Work task:
From the entries below, transcribe exactly the lines between the line holding "#104=DIRECTION('',(0.,0.866025403784437,-0.500000000000002));" and the line holding "#115=LINE('',#114,#113);", inclusive; skip all other lines.
### Extracted data
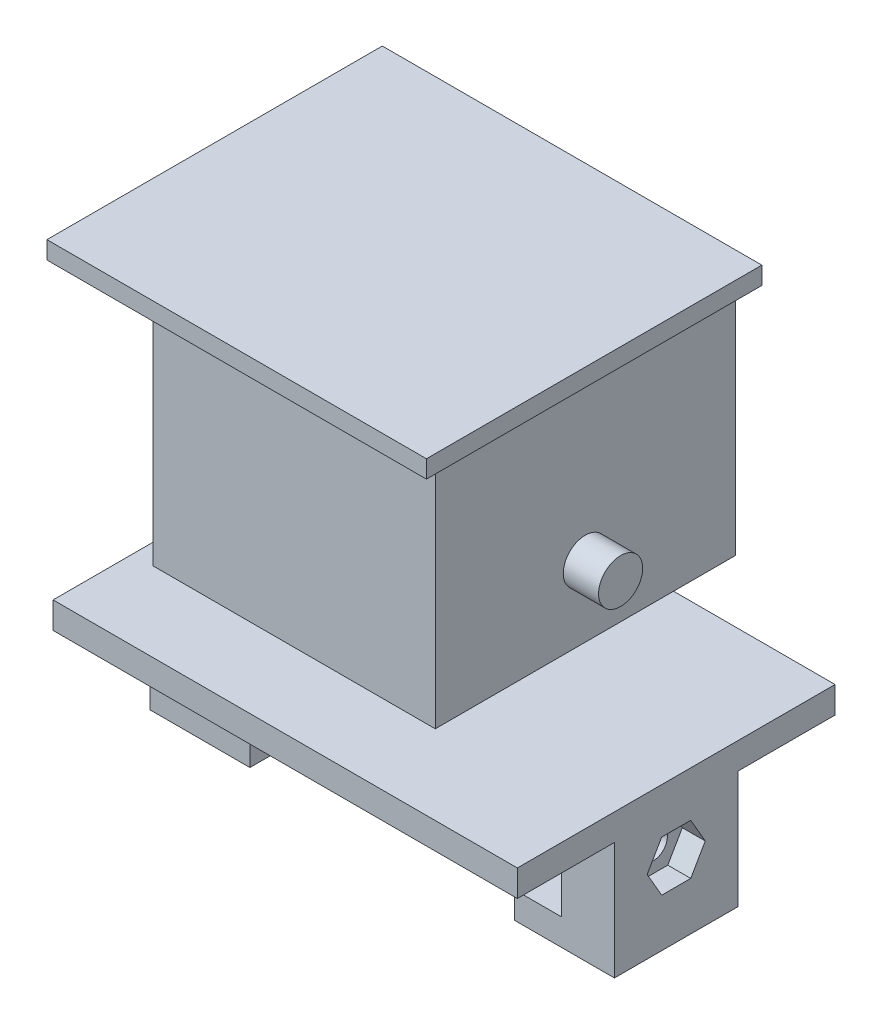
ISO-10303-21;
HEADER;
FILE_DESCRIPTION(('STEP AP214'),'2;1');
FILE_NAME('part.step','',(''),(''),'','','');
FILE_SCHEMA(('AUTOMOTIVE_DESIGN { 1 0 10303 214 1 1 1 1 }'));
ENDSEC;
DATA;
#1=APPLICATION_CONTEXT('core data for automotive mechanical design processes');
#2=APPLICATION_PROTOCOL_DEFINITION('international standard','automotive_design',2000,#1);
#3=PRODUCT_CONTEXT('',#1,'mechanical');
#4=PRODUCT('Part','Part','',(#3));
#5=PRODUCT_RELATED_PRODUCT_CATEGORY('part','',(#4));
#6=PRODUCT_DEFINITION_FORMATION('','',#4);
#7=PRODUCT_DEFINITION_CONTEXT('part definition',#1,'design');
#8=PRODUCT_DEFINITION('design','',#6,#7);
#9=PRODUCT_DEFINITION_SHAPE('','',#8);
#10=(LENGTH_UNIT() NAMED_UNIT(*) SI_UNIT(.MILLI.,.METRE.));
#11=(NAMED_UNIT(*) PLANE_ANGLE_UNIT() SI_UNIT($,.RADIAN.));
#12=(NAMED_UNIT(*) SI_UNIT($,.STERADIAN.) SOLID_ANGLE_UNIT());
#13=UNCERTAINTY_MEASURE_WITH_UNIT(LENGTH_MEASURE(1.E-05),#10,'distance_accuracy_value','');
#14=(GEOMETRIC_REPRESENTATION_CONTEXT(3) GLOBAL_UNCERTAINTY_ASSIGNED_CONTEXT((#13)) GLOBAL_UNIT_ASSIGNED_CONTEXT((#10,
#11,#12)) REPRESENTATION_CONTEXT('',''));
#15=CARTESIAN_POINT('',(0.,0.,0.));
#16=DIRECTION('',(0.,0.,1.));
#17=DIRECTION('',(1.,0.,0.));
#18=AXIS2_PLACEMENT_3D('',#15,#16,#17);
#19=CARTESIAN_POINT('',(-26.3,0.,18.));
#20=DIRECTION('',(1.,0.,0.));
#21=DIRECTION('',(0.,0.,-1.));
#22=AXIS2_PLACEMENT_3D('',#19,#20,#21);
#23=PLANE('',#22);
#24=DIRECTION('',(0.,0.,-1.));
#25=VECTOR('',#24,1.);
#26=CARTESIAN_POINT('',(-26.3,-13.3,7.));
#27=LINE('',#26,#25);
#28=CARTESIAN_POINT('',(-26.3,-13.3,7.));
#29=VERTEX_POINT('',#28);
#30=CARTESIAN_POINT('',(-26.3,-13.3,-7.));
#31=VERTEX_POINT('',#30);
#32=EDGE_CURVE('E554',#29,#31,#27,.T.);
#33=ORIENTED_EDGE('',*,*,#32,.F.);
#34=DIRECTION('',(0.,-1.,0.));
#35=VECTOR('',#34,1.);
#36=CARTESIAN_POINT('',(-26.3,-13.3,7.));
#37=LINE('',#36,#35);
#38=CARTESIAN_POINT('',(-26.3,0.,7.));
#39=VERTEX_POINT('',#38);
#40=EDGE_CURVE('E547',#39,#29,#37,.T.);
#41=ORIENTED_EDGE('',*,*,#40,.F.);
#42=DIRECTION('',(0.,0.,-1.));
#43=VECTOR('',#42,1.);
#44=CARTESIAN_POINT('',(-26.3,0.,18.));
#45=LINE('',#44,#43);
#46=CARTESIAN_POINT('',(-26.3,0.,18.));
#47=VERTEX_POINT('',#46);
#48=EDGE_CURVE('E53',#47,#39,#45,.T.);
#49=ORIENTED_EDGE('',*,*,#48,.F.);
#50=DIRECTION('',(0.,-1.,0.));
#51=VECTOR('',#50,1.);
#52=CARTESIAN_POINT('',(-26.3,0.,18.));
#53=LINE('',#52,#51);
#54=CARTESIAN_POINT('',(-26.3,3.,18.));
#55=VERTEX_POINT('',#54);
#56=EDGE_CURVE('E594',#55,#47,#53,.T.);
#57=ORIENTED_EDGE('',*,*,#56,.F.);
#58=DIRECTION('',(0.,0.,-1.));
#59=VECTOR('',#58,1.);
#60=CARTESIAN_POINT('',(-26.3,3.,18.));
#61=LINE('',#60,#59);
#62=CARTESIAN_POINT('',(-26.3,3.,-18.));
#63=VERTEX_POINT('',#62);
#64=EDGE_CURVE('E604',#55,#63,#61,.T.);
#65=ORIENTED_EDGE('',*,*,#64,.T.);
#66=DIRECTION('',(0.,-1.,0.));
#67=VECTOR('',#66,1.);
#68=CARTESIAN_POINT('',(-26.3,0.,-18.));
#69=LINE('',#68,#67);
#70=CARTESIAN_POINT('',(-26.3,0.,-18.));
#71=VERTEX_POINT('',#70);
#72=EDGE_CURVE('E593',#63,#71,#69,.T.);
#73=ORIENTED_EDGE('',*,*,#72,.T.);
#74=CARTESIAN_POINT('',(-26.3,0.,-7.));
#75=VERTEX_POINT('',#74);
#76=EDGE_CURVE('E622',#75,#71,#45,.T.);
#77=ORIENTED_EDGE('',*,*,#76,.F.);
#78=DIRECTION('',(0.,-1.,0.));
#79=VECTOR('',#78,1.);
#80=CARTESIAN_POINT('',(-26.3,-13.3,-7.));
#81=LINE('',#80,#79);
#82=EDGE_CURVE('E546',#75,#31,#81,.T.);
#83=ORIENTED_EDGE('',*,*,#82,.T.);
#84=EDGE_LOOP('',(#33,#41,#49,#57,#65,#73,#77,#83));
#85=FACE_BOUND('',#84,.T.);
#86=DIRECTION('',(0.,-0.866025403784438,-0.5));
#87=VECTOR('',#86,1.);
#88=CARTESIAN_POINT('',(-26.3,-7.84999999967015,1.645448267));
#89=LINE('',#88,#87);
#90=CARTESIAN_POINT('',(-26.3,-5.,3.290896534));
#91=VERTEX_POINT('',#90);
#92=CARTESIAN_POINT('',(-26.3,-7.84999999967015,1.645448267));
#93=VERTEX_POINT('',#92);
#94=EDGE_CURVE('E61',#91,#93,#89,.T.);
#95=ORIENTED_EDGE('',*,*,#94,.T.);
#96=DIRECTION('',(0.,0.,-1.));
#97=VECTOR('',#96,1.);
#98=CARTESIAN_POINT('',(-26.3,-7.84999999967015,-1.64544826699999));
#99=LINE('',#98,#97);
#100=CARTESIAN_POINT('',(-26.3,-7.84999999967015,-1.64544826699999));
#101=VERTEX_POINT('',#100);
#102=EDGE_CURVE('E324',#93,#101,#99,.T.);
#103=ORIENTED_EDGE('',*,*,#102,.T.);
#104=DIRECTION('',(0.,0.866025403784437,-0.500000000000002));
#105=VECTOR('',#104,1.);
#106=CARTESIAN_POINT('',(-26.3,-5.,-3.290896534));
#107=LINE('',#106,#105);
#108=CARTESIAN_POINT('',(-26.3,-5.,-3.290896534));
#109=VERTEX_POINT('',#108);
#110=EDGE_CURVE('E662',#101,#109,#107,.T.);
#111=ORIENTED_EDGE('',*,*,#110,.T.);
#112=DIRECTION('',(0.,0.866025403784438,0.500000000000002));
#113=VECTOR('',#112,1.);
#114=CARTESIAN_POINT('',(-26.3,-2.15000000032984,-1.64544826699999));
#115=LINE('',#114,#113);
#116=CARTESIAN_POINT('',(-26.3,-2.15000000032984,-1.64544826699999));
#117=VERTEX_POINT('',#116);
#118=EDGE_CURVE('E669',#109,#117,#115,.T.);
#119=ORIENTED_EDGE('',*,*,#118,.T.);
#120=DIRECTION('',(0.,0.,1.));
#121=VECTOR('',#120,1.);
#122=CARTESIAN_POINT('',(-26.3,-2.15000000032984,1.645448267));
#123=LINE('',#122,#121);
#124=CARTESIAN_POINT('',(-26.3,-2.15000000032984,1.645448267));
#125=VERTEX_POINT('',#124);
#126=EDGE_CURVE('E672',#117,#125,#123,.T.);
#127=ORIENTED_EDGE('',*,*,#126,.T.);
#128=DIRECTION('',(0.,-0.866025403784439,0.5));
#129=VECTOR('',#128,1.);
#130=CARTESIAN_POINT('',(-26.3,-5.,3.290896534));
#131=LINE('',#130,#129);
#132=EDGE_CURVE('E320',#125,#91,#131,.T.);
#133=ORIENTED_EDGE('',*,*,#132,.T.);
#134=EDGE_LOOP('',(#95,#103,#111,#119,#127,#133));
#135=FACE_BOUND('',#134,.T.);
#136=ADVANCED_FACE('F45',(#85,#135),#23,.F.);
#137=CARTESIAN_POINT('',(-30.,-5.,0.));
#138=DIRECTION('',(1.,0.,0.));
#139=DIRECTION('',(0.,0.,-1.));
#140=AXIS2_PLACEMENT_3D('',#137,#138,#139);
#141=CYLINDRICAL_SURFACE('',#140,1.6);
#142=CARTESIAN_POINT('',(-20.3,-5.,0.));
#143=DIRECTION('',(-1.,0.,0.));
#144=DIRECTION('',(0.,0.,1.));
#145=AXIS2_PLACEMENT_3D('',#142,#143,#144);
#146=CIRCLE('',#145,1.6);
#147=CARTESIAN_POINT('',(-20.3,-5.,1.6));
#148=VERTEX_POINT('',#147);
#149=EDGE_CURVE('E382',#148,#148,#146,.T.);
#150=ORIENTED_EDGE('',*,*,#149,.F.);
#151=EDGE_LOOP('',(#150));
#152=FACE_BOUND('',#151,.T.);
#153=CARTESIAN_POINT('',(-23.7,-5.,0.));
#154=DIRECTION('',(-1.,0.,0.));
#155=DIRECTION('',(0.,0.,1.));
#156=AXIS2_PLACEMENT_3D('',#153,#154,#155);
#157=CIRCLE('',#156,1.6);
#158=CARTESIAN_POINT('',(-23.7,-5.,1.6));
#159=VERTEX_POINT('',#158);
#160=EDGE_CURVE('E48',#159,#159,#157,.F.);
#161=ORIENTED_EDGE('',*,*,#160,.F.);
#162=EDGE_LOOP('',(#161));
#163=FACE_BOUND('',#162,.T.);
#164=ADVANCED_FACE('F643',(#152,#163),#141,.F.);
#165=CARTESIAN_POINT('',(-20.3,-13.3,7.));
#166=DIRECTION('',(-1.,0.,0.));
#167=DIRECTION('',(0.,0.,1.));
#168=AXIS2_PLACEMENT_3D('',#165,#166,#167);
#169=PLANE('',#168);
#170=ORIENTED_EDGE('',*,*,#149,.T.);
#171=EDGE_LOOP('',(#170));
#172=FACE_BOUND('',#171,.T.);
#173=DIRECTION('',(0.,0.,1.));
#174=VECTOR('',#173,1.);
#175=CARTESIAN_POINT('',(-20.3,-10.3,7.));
######
Result for this exercise:
#104=DIRECTION('',(0.,0.866025403784437,-0.500000000000002));
#105=VECTOR('',#104,1.);
#106=CARTESIAN_POINT('',(-26.3,-5.,-3.290896534));
#107=LINE('',#106,#105);
#108=CARTESIAN_POINT('',(-26.3,-5.,-3.290896534));
#109=VERTEX_POINT('',#108);
#110=EDGE_CURVE('E662',#101,#109,#107,.T.);
#111=ORIENTED_EDGE('',*,*,#110,.T.);
#112=DIRECTION('',(0.,0.866025403784438,0.500000000000002));
#113=VECTOR('',#112,1.);
#114=CARTESIAN_POINT('',(-26.3,-2.15000000032984,-1.64544826699999));
#115=LINE('',#114,#113);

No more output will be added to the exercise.